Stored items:
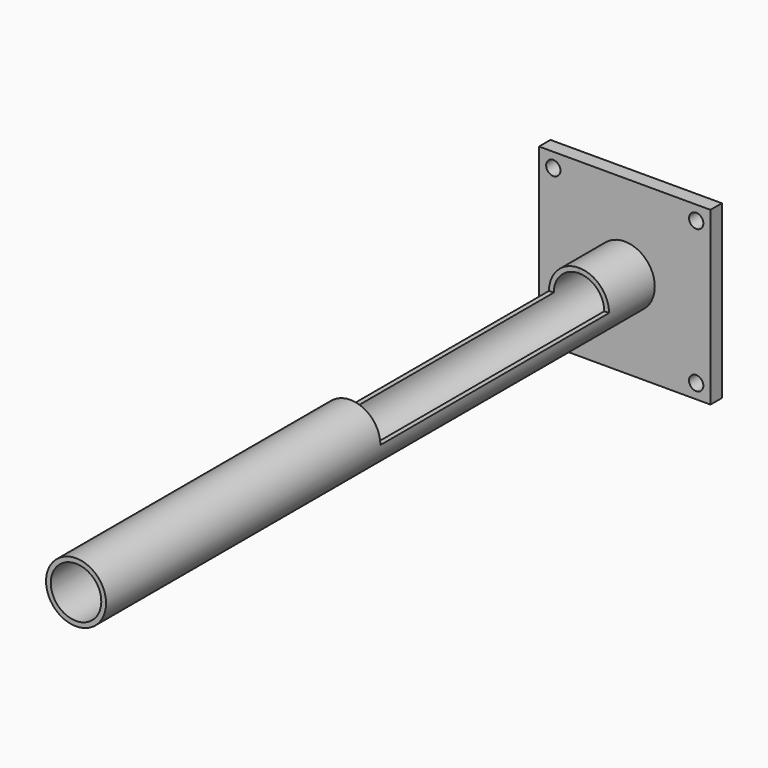
from build123d import *

# Parameters (mm, degrees)
F0_R          = 13.335
F0_R_2        = 11.2268
F1_DEPTH      = 304.8
F2_W          = 76.2
F2_H          = 76.2
F2_R          = 11.2268
F3_DEPTH      = 6.35
F4_W          = 127
F4_H          = 30.226
F5_DEPTH      = 38.101
F5_DEPTH_BACK = 38.101
F6_R          = 3.175
F7_DEPTH      = 6.351


# Not quite as in the source:
# - a length typed as a fraction of an inch, garbled in the dataset ("3 / 203.2 mm" for 3/8 in), is restored


with BuildPart() as f1:
    # F0 (on Front) → F1 (new body)
    with BuildSketch(Plane.XZ):
        Circle(F0_R)
        Circle(F0_R_2, mode=Mode.SUBTRACT)
    extrude(amount=F1_DEPTH)

    # F2 (on face) → F3 (join)
    with BuildSketch(Plane(origin=(0, 0, 0), x_dir=(-1, 0, 0), z_dir=(0, 1, 0))):
        Rectangle(F2_W, F2_H)
        Circle(F2_R, mode=Mode.SUBTRACT)
    extrude(amount=F3_DEPTH)

    # F4 (on Right) → F5 (cut, two sides)
    with BuildSketch(Plane.YZ) as f5_sk:
        with Locations((-88.9, 15.113)):
            Rectangle(F4_W, F4_H)
    extrude(amount=-F5_DEPTH, mode=Mode.SUBTRACT)
    extrude(f5_sk.sketch, amount=F5_DEPTH_BACK, mode=Mode.SUBTRACT)

    # F6 (on face) → F7 (cut, through all)
    with BuildSketch(Plane.XZ):
        with Locations((-31.75, 31.75)):
            Circle(F6_R)
        with Locations((-31.75, -31.75)):
            Circle(F6_R)
        with Locations((31.75, 31.75)):
            Circle(F6_R)
        with Locations((31.75, -31.75)):
            Circle(F6_R)
    extrude(amount=-F7_DEPTH, mode=Mode.SUBTRACT)


solid = f1.part

(What needs to be done): Reproduce each line of the records in which "amount" appears.

(Output below):
    extrude(amount=F1_DEPTH)
    extrude(amount=F3_DEPTH)
    extrude(amount=-F5_DEPTH, mode=Mode.SUBTRACT)
    extrude(f5_sk.sketch, amount=F5_DEPTH_BACK, mode=Mode.SUBTRACT)
    extrude(amount=-F7_DEPTH, mode=Mode.SUBTRACT)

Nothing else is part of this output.